Financial Crime World

Here is the converted article in markdown format:

Morocco’s Cybersecurity Efforts: A Growing Concern for National Security

In recent years, the Moroccan government has taken concrete steps to strengthen the country’s cybersecurity posture. In 2016, King Mohammed VI materialized the national directive for the security of information systems developed by the General Directorate for Information Systems Security (DGSSI), which applies to all information systems of administrations, public bodies, and critical structures.

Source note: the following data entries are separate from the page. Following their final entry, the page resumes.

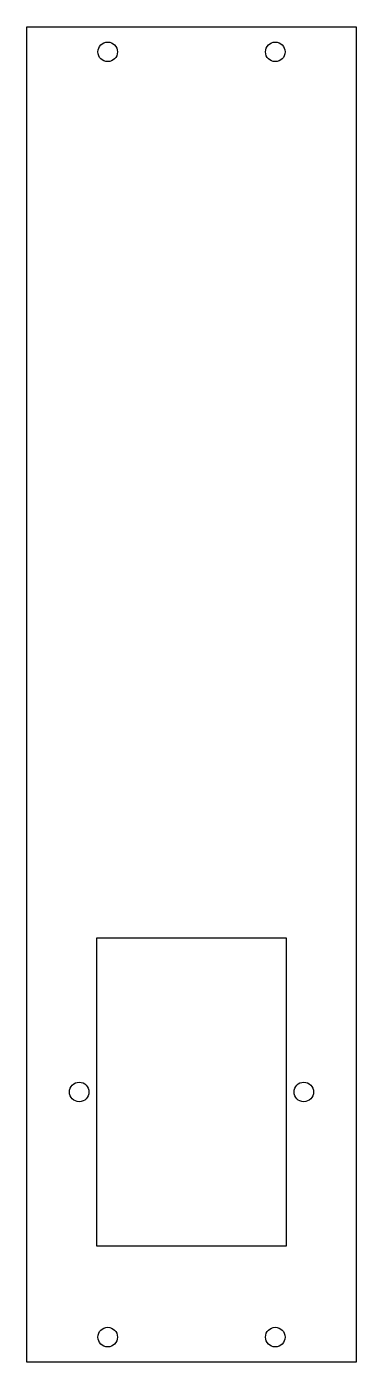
# Model space of a CAD drawing. Header units: millimetres. Extents: x -556 to -497, y 107 to 346.
import ezdxf

# ---------------------------------------------------------------- set-up
doc = ezdxf.new("R2010")
doc.units = ezdxf.units.MM
doc.layers.get('0').update_dxf_attribs({"linetype": 'CONTINUOUS'})

msp = doc.modelspace()

# ---------------------------------------------------------------- linework, layer by layer
for points in [[(-555.85, 107.19), (-555.85, 346.09), (-496.85, 346.09), (-496.85, 107.19)], [(-543.35, 128.04), (-509.35, 128.04), (-509.35, 183.04), (-543.35, 183.04)]]:
    msp.add_lwpolyline(points, close=True)
for centre in [(-541.35, 341.59), (-511.35, 341.59), (-546.45, 155.54), (-506.25, 155.54), (-541.35, 111.69), (-511.35, 111.69)]:
    msp.add_circle(centre, 1.75)

doc.saveas('drawing.dxf')
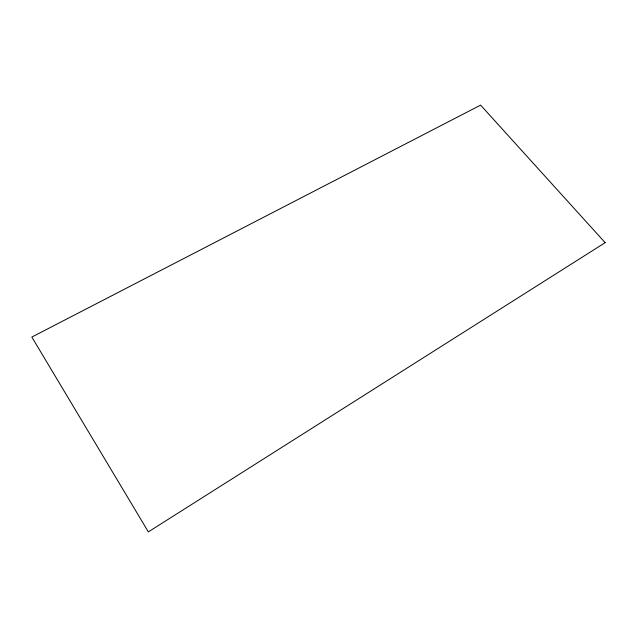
<?xml version="1.0" encoding="UTF-8"?>
<svg xmlns="http://www.w3.org/2000/svg" width="637" height="637" viewBox="0 0 637 637"><rect width="100%" height="100%" fill="white"/><g stroke="black" fill="none" stroke-linecap="round" stroke-linejoin="round"><path stroke-width="0.96" d="M605.15 242.657L148.349 531.879L31.85 337.053L480.609 105.121L605.15 242.657"/></g></svg>
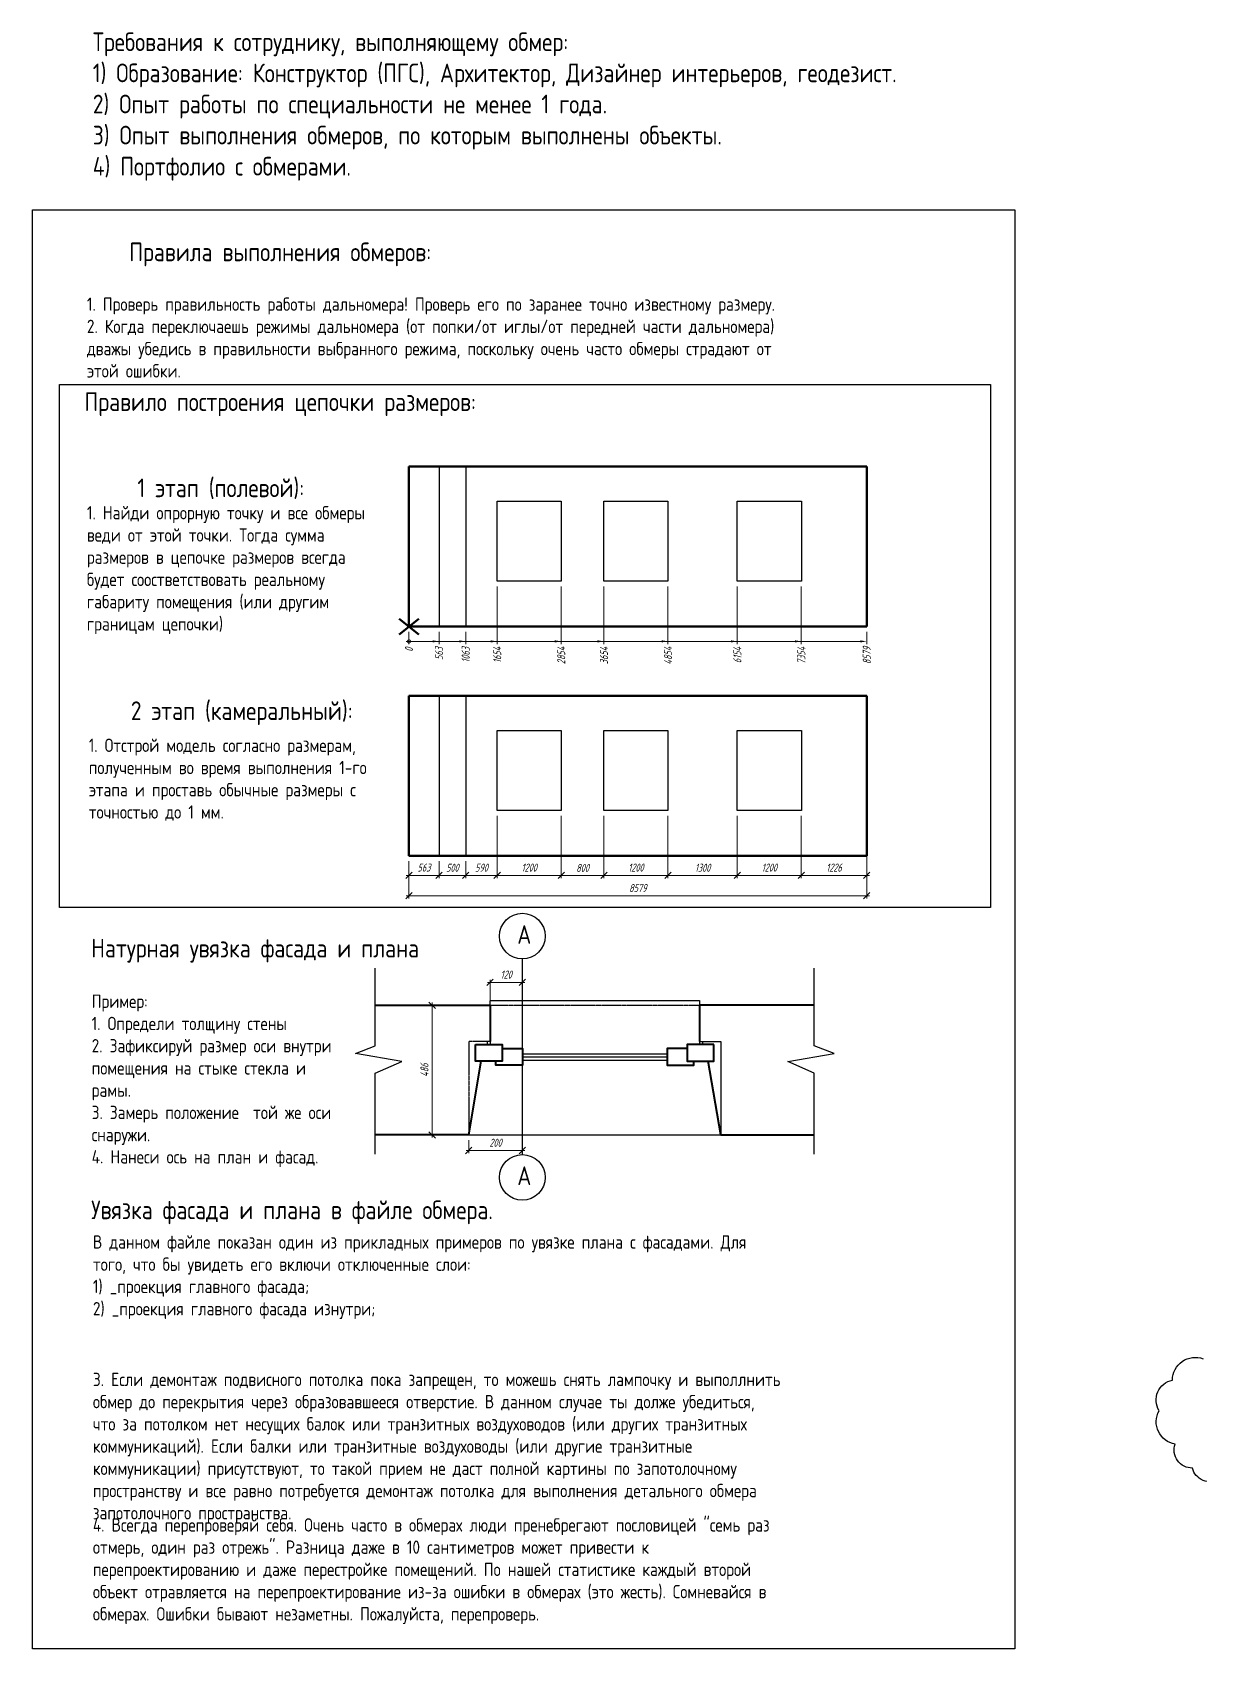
# Model space of a CAD drawing. Header units: millimetres. Extents: x -85477 to 745244, y -3684 to 128206.
# Drawn here: x 544814 to 566711, y 97902 to 128206 of the extents above; entities that cross this region are included whole.
import ezdxf

# ---------------------------------------------------------------- set-up
doc = ezdxf.new("R2010")
doc.units = ezdxf.units.MM
doc.linetypes.add('невидимая2', pattern=[4.7625, 3.175, -1.5875])
doc.layers.add('РАЗМЕРЫ', color=5, linetype='Continuous', lineweight=15)
doc.layers.add('СТЕНЫ 01', color=7, linetype='Continuous', lineweight=50)
doc.styles.add('ism - 01', font='simplex.shx', dxfattribs={"width": 0.62, "oblique": 15, "height": 150})
doc.styles.add('TITLE', font='romant.shx', dxfattribs={"width": 0.8})
doc.dimstyles.new('ism - 01', dxfattribs={"dimtxt": 150, "dimasz": 120, "dimexe": 50, "dimexo": 100, "dimgap": 65, "dimtad": 1, "dimdec": 0, "dimtxsty": 'ism - 01', "dimblk": 'OBLIQUE', "dimcen": 0, "dimdle": 50, "dimadec": 0, "dimazin": 0, "dimtfac": 1, "dimtdec": 0, "dimtmove": 0, "dimatfit": 3, "dimldrblk": 'OBLIQUE', "dimfxl": 1, "dimlwd": -1, "dimlwe": -1, "dimarcsym": 0})

# ---------------------------------------------------------------- blocks, each defined once
blk = doc.blocks.new('_DotSmall')
at = {"color": 0, "linetype": 'ByBlock', "const_width": 0.5}
blk.add_lwpolyline([(-0.0625, 0, 1), (0.0625, 0, 1)], format="xyb", close=True, dxfattribs=at)
blk = doc.blocks.new('*D768')
at = {"layer": 'Defpoints', "color": 0}
for p in [(551873, 117064), (552436, 117064), (552436, 116787)]:
    blk.add_point(p, dxfattribs=at)
at = {"layer": 'РАЗМЕРЫ', "color": 0}
for p, q in [((551823, 116787), (552316, 116787)), ((551873, 116964), (551873, 116737)), ((552436, 116964), (552436, 116737))]:
    blk.add_line(p, q, dxfattribs=at)
blk.add_solid([(552316, 116767), (552316, 116807), (552436, 116787)], dxfattribs=at)
at = {"layer": 'РАЗМЕРЫ', "color": 0, "xscale": 120, "yscale": 120, "zscale": 120, "rotation": 180}
blk.add_blockref('_DotSmall', (551873, 116787), dxfattribs=at)
at = {"layer": 'РАЗМЕРЫ', "color": 0, "insert": (552436, 116559), "char_height": 150, "attachment_point": 5, "rotation": 90, "style": 'ism - 01'}
blk.add_mtext('563', dxfattribs=at)
blk = doc.blocks.new('_Oblique')
at = {"color": 0, "lineweight": -2}
blk.add_line((-0.5, -0.5), (0.5, 0.5), dxfattribs=at)
blk = doc.blocks.new('*D769')
at = {"layer": 'Defpoints', "color": 0}
for p in [(551873, 117064), (552936, 117064), (552936, 116787)]:
    blk.add_point(p, dxfattribs=at)
at = {"layer": 'РАЗМЕРЫ', "color": 0}
for p, q in [((551823, 116787), (552816, 116787)), ((551873, 116964), (551873, 116737)), ((552936, 116964), (552936, 116737))]:
    blk.add_line(p, q, dxfattribs=at)
blk.add_solid([(552816, 116767), (552816, 116807), (552936, 116787)], dxfattribs=at)
at = {"layer": 'РАЗМЕРЫ', "color": 0, "xscale": 120, "yscale": 120, "zscale": 120, "rotation": 180}
blk.add_blockref('_DotSmall', (551873, 116787), dxfattribs=at)
at = {"layer": 'РАЗМЕРЫ', "color": 0, "insert": (552936, 116535), "char_height": 150, "attachment_point": 5, "rotation": 90, "style": 'ism - 01'}
blk.add_mtext('1063', dxfattribs=at)
blk = doc.blocks.new('*D770')
at = {"layer": 'Defpoints', "color": 0}
for p in [(553526, 117914), (551873, 117064), (553526, 116787)]:
    blk.add_point(p, dxfattribs=at)
at = {"layer": 'РАЗМЕРЫ', "color": 0}
for p, q in [((553526, 117814), (553526, 116737)), ((551823, 116787), (553406, 116787)), ((551873, 116964), (551873, 116737))]:
    blk.add_line(p, q, dxfattribs=at)
blk.add_solid([(553406, 116767), (553406, 116807), (553526, 116787)], dxfattribs=at)
at = {"layer": 'РАЗМЕРЫ', "color": 0, "xscale": 120, "yscale": 120, "zscale": 120, "rotation": 180}
blk.add_blockref('_DotSmall', (551873, 116787), dxfattribs=at)
at = {"layer": 'РАЗМЕРЫ', "color": 0, "insert": (553526, 116533), "char_height": 150, "attachment_point": 5, "rotation": 90, "style": 'ism - 01'}
blk.add_mtext('1654', dxfattribs=at)
blk = doc.blocks.new('*D771')
at = {"layer": 'Defpoints', "color": 0}
for p in [(554726, 117914), (551873, 117064), (554726, 116787)]:
    blk.add_point(p, dxfattribs=at)
at = {"layer": 'РАЗМЕРЫ', "color": 0}
for p, q in [((554726, 117814), (554726, 116737)), ((551823, 116787), (554606, 116787)), ((551873, 116964), (551873, 116737))]:
    blk.add_line(p, q, dxfattribs=at)
blk.add_solid([(554606, 116767), (554606, 116807), (554726, 116787)], dxfattribs=at)
at = {"layer": 'РАЗМЕРЫ', "color": 0, "xscale": 120, "yscale": 120, "zscale": 120, "rotation": 180}
blk.add_blockref('_DotSmall', (551873, 116787), dxfattribs=at)
at = {"layer": 'РАЗМЕРЫ', "color": 0, "insert": (554726, 116523), "char_height": 150, "attachment_point": 5, "rotation": 90, "style": 'ism - 01'}
blk.add_mtext('2854', dxfattribs=at)
blk = doc.blocks.new('*D772')
at = {"layer": 'Defpoints', "color": 0}
for p in [(555526, 117914), (551873, 117064), (555526, 116787)]:
    blk.add_point(p, dxfattribs=at)
at = {"layer": 'РАЗМЕРЫ', "color": 0}
for p, q in [((555526, 117814), (555526, 116737)), ((551823, 116787), (555406, 116787)), ((551873, 116964), (551873, 116737))]:
    blk.add_line(p, q, dxfattribs=at)
blk.add_solid([(555406, 116767), (555406, 116807), (555526, 116787)], dxfattribs=at)
at = {"layer": 'РАЗМЕРЫ', "color": 0, "xscale": 120, "yscale": 120, "zscale": 120, "rotation": 180}
blk.add_blockref('_DotSmall', (551873, 116787), dxfattribs=at)
at = {"layer": 'РАЗМЕРЫ', "color": 0, "insert": (555526, 116522), "char_height": 150, "attachment_point": 5, "rotation": 90, "style": 'ism - 01'}
blk.add_mtext('3654', dxfattribs=at)
blk = doc.blocks.new('*D773')
at = {"layer": 'Defpoints', "color": 0}
for p in [(556726, 117914), (551873, 117064), (556726, 116788)]:
    blk.add_point(p, dxfattribs=at)
at = {"layer": 'РАЗМЕРЫ', "color": 0}
for p, q in [((556726, 117814), (556726, 116738)), ((551823, 116788), (556606, 116788)), ((551873, 116964), (551873, 116738))]:
    blk.add_line(p, q, dxfattribs=at)
blk.add_solid([(556606, 116768), (556606, 116808), (556726, 116788)], dxfattribs=at)
at = {"layer": 'РАЗМЕРЫ', "color": 0, "xscale": 120, "yscale": 120, "zscale": 120, "rotation": 180}
blk.add_blockref('_DotSmall', (551873, 116788), dxfattribs=at)
at = {"layer": 'РАЗМЕРЫ', "color": 0, "insert": (556726, 116520), "char_height": 150, "attachment_point": 5, "rotation": 90, "style": 'ism - 01'}
blk.add_mtext('4854', dxfattribs=at)
blk = doc.blocks.new('*D774')
at = {"layer": 'Defpoints', "color": 0}
for p in [(558026, 117914), (551873, 117064), (558026, 116787)]:
    blk.add_point(p, dxfattribs=at)
at = {"layer": 'РАЗМЕРЫ', "color": 0}
for p, q in [((558026, 117814), (558026, 116737)), ((551823, 116787), (557906, 116787)), ((551873, 116964), (551873, 116737))]:
    blk.add_line(p, q, dxfattribs=at)
blk.add_solid([(557906, 116767), (557906, 116807), (558026, 116787)], dxfattribs=at)
at = {"layer": 'РАЗМЕРЫ', "color": 0, "xscale": 120, "yscale": 120, "zscale": 120, "rotation": 180}
blk.add_blockref('_DotSmall', (551873, 116787), dxfattribs=at)
at = {"layer": 'РАЗМЕРЫ', "color": 0, "insert": (558026, 116530), "char_height": 150, "attachment_point": 5, "rotation": 90, "style": 'ism - 01'}
blk.add_mtext('6154', dxfattribs=at)
blk = doc.blocks.new('*D775')
at = {"layer": 'Defpoints', "color": 0}
for p in [(559226, 117914), (551873, 117064), (559226, 116787)]:
    blk.add_point(p, dxfattribs=at)
at = {"layer": 'РАЗМЕРЫ', "color": 0}
for p, q in [((559226, 117814), (559226, 116737)), ((551823, 116787), (559106, 116787)), ((551873, 116964), (551873, 116737))]:
    blk.add_line(p, q, dxfattribs=at)
blk.add_solid([(559106, 116767), (559106, 116807), (559226, 116787)], dxfattribs=at)
at = {"layer": 'РАЗМЕРЫ', "color": 0, "xscale": 120, "yscale": 120, "zscale": 120, "rotation": 180}
blk.add_blockref('_DotSmall', (551873, 116787), dxfattribs=at)
at = {"layer": 'РАЗМЕРЫ', "color": 0, "insert": (559226, 116523), "char_height": 150, "attachment_point": 5, "rotation": 90, "style": 'ism - 01'}
blk.add_mtext('7354', dxfattribs=at)
blk = doc.blocks.new('*D776')
at = {"layer": 'Defpoints', "color": 0}
for p in [(551873, 117064), (560452, 117064), (560452, 116787)]:
    blk.add_point(p, dxfattribs=at)
at = {"layer": 'РАЗМЕРЫ', "color": 0}
for p, q in [((551823, 116787), (560332, 116787)), ((551873, 116964), (551873, 116737)), ((560452, 116964), (560452, 116737))]:
    blk.add_line(p, q, dxfattribs=at)
blk.add_solid([(560332, 116767), (560332, 116807), (560452, 116787)], dxfattribs=at)
at = {"layer": 'РАЗМЕРЫ', "color": 0, "xscale": 120, "yscale": 120, "zscale": 120, "rotation": 180}
blk.add_blockref('_DotSmall', (551873, 116787), dxfattribs=at)
at = {"layer": 'РАЗМЕРЫ', "color": 0, "insert": (560452, 116522), "char_height": 150, "attachment_point": 5, "rotation": 90, "style": 'ism - 01'}
blk.add_mtext('8579', dxfattribs=at)
blk = doc.blocks.new('*D778')
at = {"layer": 'Defpoints', "color": 0}
for p in [(551873, 117064), (551873, 117064), (551873, 116787)]:
    blk.add_point(p, dxfattribs=at)
at = {"layer": 'РАЗМЕРЫ', "color": 0}
for p, q in [((551823, 116787), (551923, 116787)), ((551873, 116964), (551873, 116737)), ((551873, 116964), (551873, 116737))]:
    blk.add_line(p, q, dxfattribs=at)
at = {"layer": 'РАЗМЕРЫ', "color": 0, "xscale": 120, "yscale": 120, "zscale": 120}
blk.add_blockref('_DotSmall', (551873, 116787), dxfattribs=at)
at = {"layer": 'РАЗМЕРЫ', "color": 0, "insert": (551873, 116631), "char_height": 150, "attachment_point": 5, "rotation": 90, "style": 'ism - 01'}
blk.add_mtext('0', dxfattribs=at)
blk = doc.blocks.new('_None')
blk = doc.blocks.new('*D779')
at = {"layer": 'Defpoints', "color": 0}
for p in [(551873, 117064), (551873, 117064), (551873, 116788)]:
    blk.add_point(p, dxfattribs=at)
at = {"layer": 'РАЗМЕРЫ', "color": 0}
for p, q in [((551823, 116788), (551923, 116788)), ((551873, 116964), (551873, 116738)), ((551873, 116964), (551873, 116738))]:
    blk.add_line(p, q, dxfattribs=at)
at = {"layer": 'РАЗМЕРЫ', "color": 0, "xscale": 120, "yscale": 120, "zscale": 120}
blk.add_blockref('_DotSmall', (551873, 116788), dxfattribs=at)
at = {"layer": 'РАЗМЕРЫ', "color": 0, "insert": (551873, 116632), "char_height": 150, "attachment_point": 5, "rotation": 90, "style": 'ism - 01'}
blk.add_mtext('0', dxfattribs=at)
blk = doc.blocks.new('*D780')
at = {"layer": 'Defpoints', "color": 0}
for p in [(551873, 112766), (552436, 112766), (552436, 112400)]:
    blk.add_point(p, dxfattribs=at)
at = {"layer": 'РАЗМЕРЫ', "color": 0}
for p, q in [((551873, 112666), (551873, 112350)), ((552436, 112666), (552436, 112350)), ((551823, 112400), (552486, 112400))]:
    blk.add_line(p, q, dxfattribs=at)
at = {"layer": 'РАЗМЕРЫ', "color": 0, "xscale": 120, "yscale": 120, "zscale": 120, "rotation": 180}
blk.add_blockref('_Oblique', (551873, 112400), dxfattribs=at)
at = {"layer": 'РАЗМЕРЫ', "color": 0, "xscale": 120, "yscale": 120, "zscale": 120}
blk.add_blockref('_Oblique', (552436, 112400), dxfattribs=at)
at = {"layer": 'РАЗМЕРЫ', "color": 0, "insert": (552154, 112547), "char_height": 150, "attachment_point": 5, "style": 'ism - 01'}
blk.add_mtext('563', dxfattribs=at)
blk = doc.blocks.new('*D781')
at = {"layer": 'Defpoints', "color": 0}
for p in [(552436, 112766), (552936, 112766), (552936, 112400)]:
    blk.add_point(p, dxfattribs=at)
at = {"layer": 'РАЗМЕРЫ', "color": 0}
for p, q in [((552436, 112666), (552436, 112350)), ((552936, 112666), (552936, 112350)), ((552386, 112400), (552986, 112400))]:
    blk.add_line(p, q, dxfattribs=at)
at = {"layer": 'РАЗМЕРЫ', "color": 0, "xscale": 120, "yscale": 120, "zscale": 120, "rotation": 180}
blk.add_blockref('_Oblique', (552436, 112400), dxfattribs=at)
at = {"layer": 'РАЗМЕРЫ', "color": 0, "xscale": 120, "yscale": 120, "zscale": 120}
blk.add_blockref('_Oblique', (552936, 112400), dxfattribs=at)
at = {"layer": 'РАЗМЕРЫ', "color": 0, "insert": (552686, 112543), "char_height": 150, "attachment_point": 5, "style": 'ism - 01'}
blk.add_mtext('500', dxfattribs=at)
blk = doc.blocks.new('*D782')
at = {"layer": 'Defpoints', "color": 0}
for p in [(553526, 113616), (552936, 112766), (553526, 112400)]:
    blk.add_point(p, dxfattribs=at)
at = {"layer": 'РАЗМЕРЫ', "color": 0}
for p, q in [((553526, 113516), (553526, 112350)), ((552936, 112666), (552936, 112350)), ((552886, 112400), (553576, 112400))]:
    blk.add_line(p, q, dxfattribs=at)
at = {"layer": 'РАЗМЕРЫ', "color": 0, "xscale": 120, "yscale": 120, "zscale": 120, "rotation": 180}
blk.add_blockref('_Oblique', (552936, 112400), dxfattribs=at)
at = {"layer": 'РАЗМЕРЫ', "color": 0, "xscale": 120, "yscale": 120, "zscale": 120}
blk.add_blockref('_Oblique', (553526, 112400), dxfattribs=at)
at = {"layer": 'РАЗМЕРЫ', "color": 0, "insert": (553231, 112544), "char_height": 150, "attachment_point": 5, "style": 'ism - 01'}
blk.add_mtext('590', dxfattribs=at)
blk = doc.blocks.new('*D784')
at = {"layer": 'Defpoints', "color": 0}
for p in [(553526, 113616), (554726, 113616), (554726, 112400)]:
    blk.add_point(p, dxfattribs=at)
at = {"layer": 'РАЗМЕРЫ', "color": 0}
for p, q in [((553526, 113516), (553526, 112350)), ((554726, 113516), (554726, 112350)), ((553476, 112400), (554776, 112400))]:
    blk.add_line(p, q, dxfattribs=at)
at = {"layer": 'РАЗМЕРЫ', "color": 0, "xscale": 120, "yscale": 120, "zscale": 120, "rotation": 180}
blk.add_blockref('_Oblique', (553526, 112400), dxfattribs=at)
at = {"layer": 'РАЗМЕРЫ', "color": 0, "xscale": 120, "yscale": 120, "zscale": 120}
blk.add_blockref('_Oblique', (554726, 112400), dxfattribs=at)
at = {"layer": 'РАЗМЕРЫ', "color": 0, "insert": (554126, 112546), "char_height": 150, "attachment_point": 5, "style": 'ism - 01'}
blk.add_mtext('1200', dxfattribs=at)
blk = doc.blocks.new('*D785')
at = {"layer": 'Defpoints', "color": 0}
for p in [(554726, 113616), (555526, 113616), (555526, 112400)]:
    blk.add_point(p, dxfattribs=at)
at = {"layer": 'РАЗМЕРЫ', "color": 0}
for p, q in [((554726, 113516), (554726, 112350)), ((555526, 113516), (555526, 112350)), ((554676, 112400), (555576, 112400))]:
    blk.add_line(p, q, dxfattribs=at)
at = {"layer": 'РАЗМЕРЫ', "color": 0, "xscale": 120, "yscale": 120, "zscale": 120, "rotation": 180}
blk.add_blockref('_Oblique', (554726, 112400), dxfattribs=at)
at = {"layer": 'РАЗМЕРЫ', "color": 0, "xscale": 120, "yscale": 120, "zscale": 120}
blk.add_blockref('_Oblique', (555526, 112400), dxfattribs=at)
at = {"layer": 'РАЗМЕРЫ', "color": 0, "insert": (555126, 112540), "char_height": 150, "attachment_point": 5, "style": 'ism - 01'}
blk.add_mtext('800', dxfattribs=at)
blk = doc.blocks.new('*D786')
at = {"layer": 'Defpoints', "color": 0}
for p in [(555526, 113616), (556726, 113616), (556726, 112400)]:
    blk.add_point(p, dxfattribs=at)
at = {"layer": 'РАЗМЕРЫ', "color": 0}
for p, q in [((555526, 113516), (555526, 112350)), ((556726, 113516), (556726, 112350)), ((555476, 112400), (556776, 112400))]:
    blk.add_line(p, q, dxfattribs=at)
at = {"layer": 'РАЗМЕРЫ', "color": 0, "xscale": 120, "yscale": 120, "zscale": 120, "rotation": 180}
blk.add_blockref('_Oblique', (555526, 112400), dxfattribs=at)
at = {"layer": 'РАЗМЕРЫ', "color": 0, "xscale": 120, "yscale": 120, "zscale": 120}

Enhancing Cybersecurity Standards

The DGSSI has issued various directives aimed at enhancing cybersecurity standards in Morocco. For instance, Directive No. 3/W/16 outlines essential regulations that credit institutions must adhere to when performing penetration tests on their information systems.

Global Ranking

In 2017, the second edition of the Global Cybersecurity Index (GCI) ranked Morocco 49th globally and 4th in Africa. While this ranking improved over the years, Morocco still faces significant challenges in terms of cybersecurity. The ITU’s latest GCI report, published in June 2021, placed Morocco in 50th position out of 182 countries.

Progress and Challenges

Despite these challenges, Morocco has made notable progress in recent years. In 2018, PwC-Maroc published the first ‘Global State of Information Security® Survey – Focus Morocco,’ which revealed that most Moroccan companies are aware of cybersecurity challenges and are investing in robust cybersecurity solutions. However, compliance remains a major obstacle.

Reference Framework for Audit Service Providers

In 2020, the DGSSI established a reference framework for audit service providers, aimed at consolidating requirements for their accreditation. This move is expected to enhance trust and confidence in the cybersecurity landscape.

Impact of COVID-19

The COVID-19 pandemic has accelerated the shift towards remote work, exposing Morocco’s organizations to increased cybersecurity risks. In response, the government has enacted laws aimed at strengthening information security, such as Law 05-20, which recommends entities adhere to minimum rules and security measures to ensure the reliability and resilience of their information systems.

Maturity Assessment

The DGSSI and the Global Cyber Security Capacity Centre at the University of Oxford recently conducted a maturity assessment of Morocco’s cybersecurity capacity using the Cybersecurity Capacity Maturity Model (CMM). The analysis revealed that five dimensions need to be considered:

  • Developing a cybersecurity policy and strategy
  • Promoting a responsible culture and society in cybersecurity
  • Enhancing knowledge and capabilities in cybersecurity
  • Establishing effective legal and regulatory frameworks
  • Managing risks through standards and technologies

International Cooperation

In 2022, Morocco signed the 2nd Additional Protocol to the Budapest Convention on Cybercrime, aimed at strengthening cooperation and the disclosure of electronic evidence. The country has also partnered with international organizations, such as Deloitte Morocco Cybersecurity Center (MCC) and the Mohammed VI Polytechnic University (UM6P), to promote research and development in cybersecurity.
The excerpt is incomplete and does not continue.